При этом выступая как радикальный проект будущего постмодернизм в большей степени сосредоточивает не знание о нем, а его «чувствование», «предчувствия» иных времен и иного мира. Недаром Ж.-Ф. Лиотар выделил в качестве главного программного тезиса постмодернизма необходимость «оттачивать нашу чувствительность к различиям и усиливать нашу способность переносить несоизмеримое» [3].

В. Вельш, говоря о «конгруэнции» постмодернистских феноменов, предлагает расширительное понима-

ние специфики постмодернистской «чувствительности» с точки зрения ее проникновения во многие сферы человеческой деятельности [4]. С ним солидаризуется Ф. Джеймисон, который исходил из того, что термин «постмодернизм» означает эпоху истории западной цивилизации и отказ от проекта «модерн».

Разумеется, такой подход не единичен и не отражает всего многообразия точек зрения на сущность постмодернизма. Рассмотрим разные подходы в интерпретации постмодернистского стиля мышления и приведем основные определения из классического анализа данного феномена. Вот как характеризует постмодерн и особенности постмодернистского стиля мышления И. Хассан, теоретик американской культуры:

- неточность (благосклонность к двусмысленностям, цензурам, соскальзываниям);

- фрагментация, де-канонизация и «разоблачение» реальностий;

- утрата «я» и «внутреннего мира», распад «общности» с миром;

- не-презентабельность и не-репрезентабельность, ирония (проистекающая из перспективизма, а тот, в свою очередь - из многозначности);

- гибридизация, карнавализация (аналогичная ге-тероглоссии Рабле или Стерна и тождественная центробежной полифонии, веселой, многоцветной релятивности);

- перфоманс и соучастие (энергия в движении);

- конструкционизм, подразумевающий, что мир не дан нам раз и навсегда, но является процессом непрерывной генерации множества конфликтующих между собой версий;

- имманентность, интертекстуальность всякой жизни, являющейся связкой сопряженных значений [5].

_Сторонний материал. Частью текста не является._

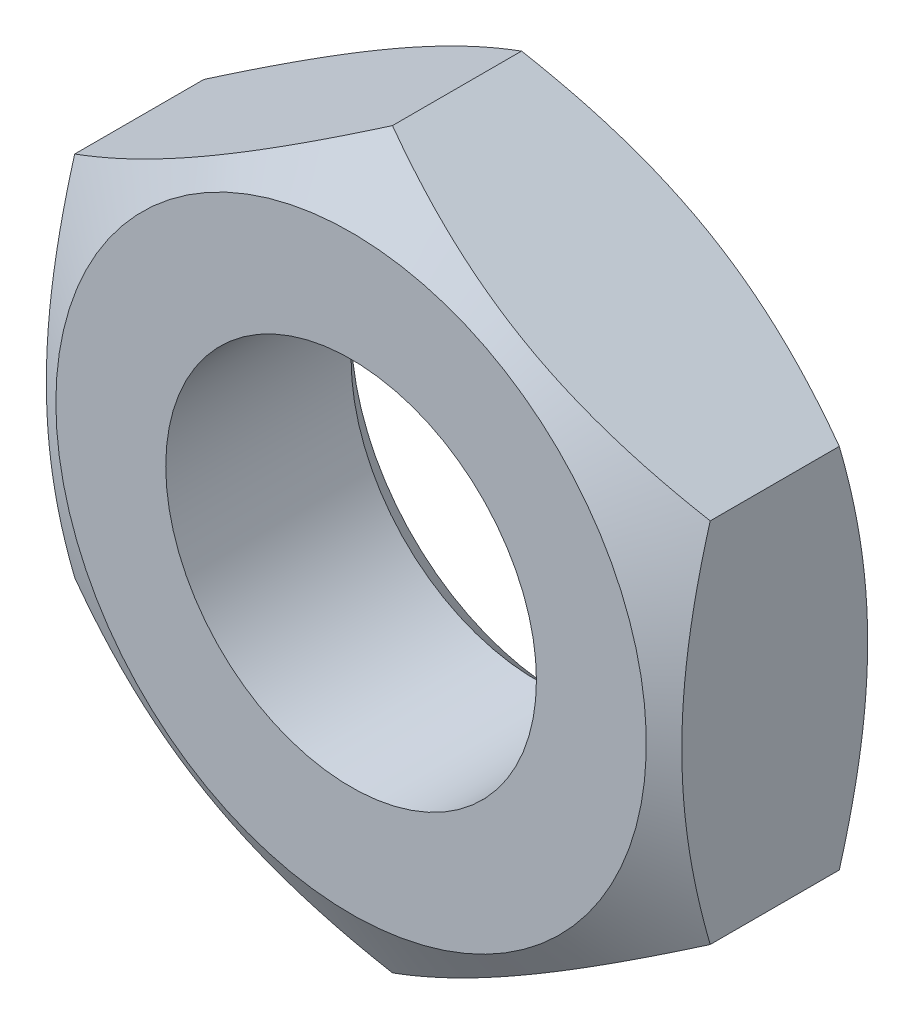
SolidWorks part; units mm, degrees
ref_plane "Спереди" through (0, 0, 0) normal (0, 0, 1) x (1, 0, 0)
ref_plane "Сверху" through (0, 0, 0) normal (0, 1, 0) x (1, 0, 0)
ref_plane "Справа" through (0, 0, 0) normal (1, 0, 0) x (0, 0, -1)
other "Configuration Table"
sketch "Эскиз1" plane through (0, 0, 0) normal (0, 0, 1) x (1, 0, 0)
  line L1 (0, 13.8564) -> (-12, 6.9282)
  line L2 (-12, 6.9282) -> (-12, -6.9282)
  line L3 (-12, -6.9282) -> (0, -13.8564)
  line L4 (0, -13.8564) -> (12, -6.9282)
  line L5 (12, -6.9282) -> (12, 6.9282)
  line L6 (12, 6.9282) -> (0, 13.8564)
  circle A0 centre (0, 0) radius 12 construction
  circle A1 centre (0, 0) radius 7
  dimension "D2" = 14
  dimension "D1" = 24
extrude "Бобышка-Вытянуть1" add sketch "Эскиз1" along normal blind 8
cosmetic thread "Условное изображение резьбы1" parameters "D2"=16
sketch "Эскиз2" plane through (0, 0, 0) normal (1, 0, 0) x (0, 0, -1)
  line L0 (0, 13.8564) -> (-1.5625, 13.8564)
  line L1 (-8, 13.8564) -> (0, 13.8564) construction
  line L2 (-1.5625, 13.8564) -> (0, 11.15)
  line L3 (0, 6.9282) -> (0, 13.8564) construction
  line L4 (0, 11.15) -> (0, 13.8564)
  line L5 (0, 0) -> (-8, 0) construction
  line L6 (0, -6.9282) -> (0, 6.9282) construction
  line L7 (-8, -6.9282) -> (-8, 6.9282) construction
  line L8 (-4, 0) -> (-4, 17.4689) construction
  line L9 (-8, 11.15) -> (-8, 13.8564)
  line L10 (-6.4375, 13.8564) -> (-8, 11.15)
  line L11 (-8, 13.8564) -> (-6.4375, 13.8564)
  dimension "D1" = 30
  dimension "D2" = 22.3
revolve "Вырез-Повернуть1" cut sketch "Эскиз2" angle 360 about L5
chamfer "Фаска1" distance 1 angle 45 1 edges at (7, 0, 0)
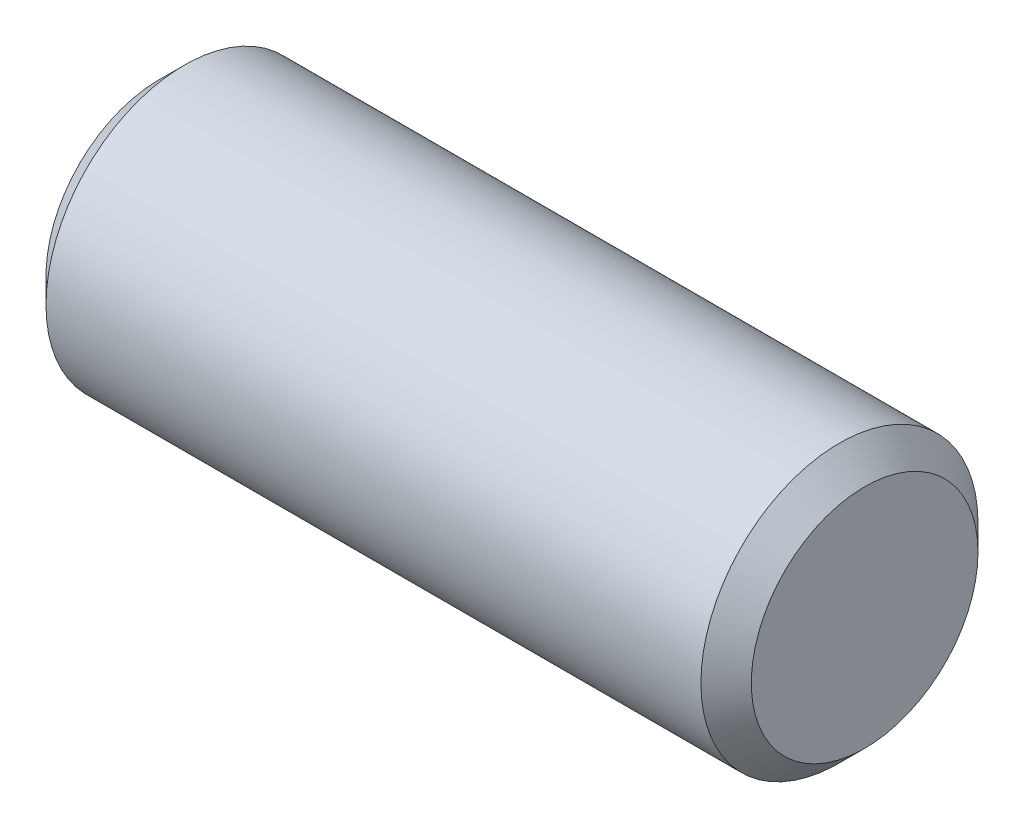
SolidWorks part; units mm, degrees
material "Простая углеродистая сталь"
ref_plane "Спереди" through (0, 0, 0) normal (0, 0, 1) x (1, 0, 0)
ref_plane "Сверху" through (0, 0, 0) normal (0, 1, 0) x (1, 0, 0)
ref_plane "Справа" through (0, 0, 0) normal (1, 0, 0) x (0, 0, -1)
other "Табл. исп."
sketch "Эскиз1" plane through (0, 0, 0) normal (0, 0, 1) x (1, 0, 0)
  line L0 (0, 0) -> (-91.9027, 0) construction
  line L1 (0, 0) -> (0, 9)
  line L3 (-2, 11) -> (-54, 11)
  line L4 (-56, 9) -> (-56, 0)
  line L5 (-56, 0) -> (0, 0)
  line L6 (0, 9) -> (-2, 11)
  line L7 (-54, 11) -> (-56, 9)
  point P4 (0, 11)
  point P9 (-56, 11)
  dimension "D1" = 22
  dimension "D5" = 56
  dimension "D6" = 2
  dimension "D7" = 45
  dimension "D8" = 2
  dimension "D9" = 45
revolve "Повернуть1" add sketch "Эскиз1" angle 360 about L0

Также возможен анализ постмодернизма, основанный на выделении его сущностных признаков как определенного типа философской рефлексии.

Назовем основные параметры импликативной автономии постмодернистского дискурса:

1. Отрицание всех ранее существовавших концепций, доктрин и стилей мышления. Резкое и явное отвержение любой претензии на обладание универсальной истины, подозрительное отношение к любому проявлению концептуальной доминанты.

2. Указания на то, что классическая парадигма себя полностью исчерпала; отказ от традиций рационального разума, непризнание категорий научного мышления: истина, сущность, причина, закономерность, объективность и т.д. И одновременно введение в обиход новых понятий и терминов: «деконструкция», «деструкция», «мышление интенсивности», «философия сингу-лярностей» и т.д.

3. Использование культурного опыта цивилизации как «текста» в целях конструирования своего собственного смыслообразующего пространства новой де-центрированной «квазиреальности», которая не содержит в себе высшего принципа или абсолюта.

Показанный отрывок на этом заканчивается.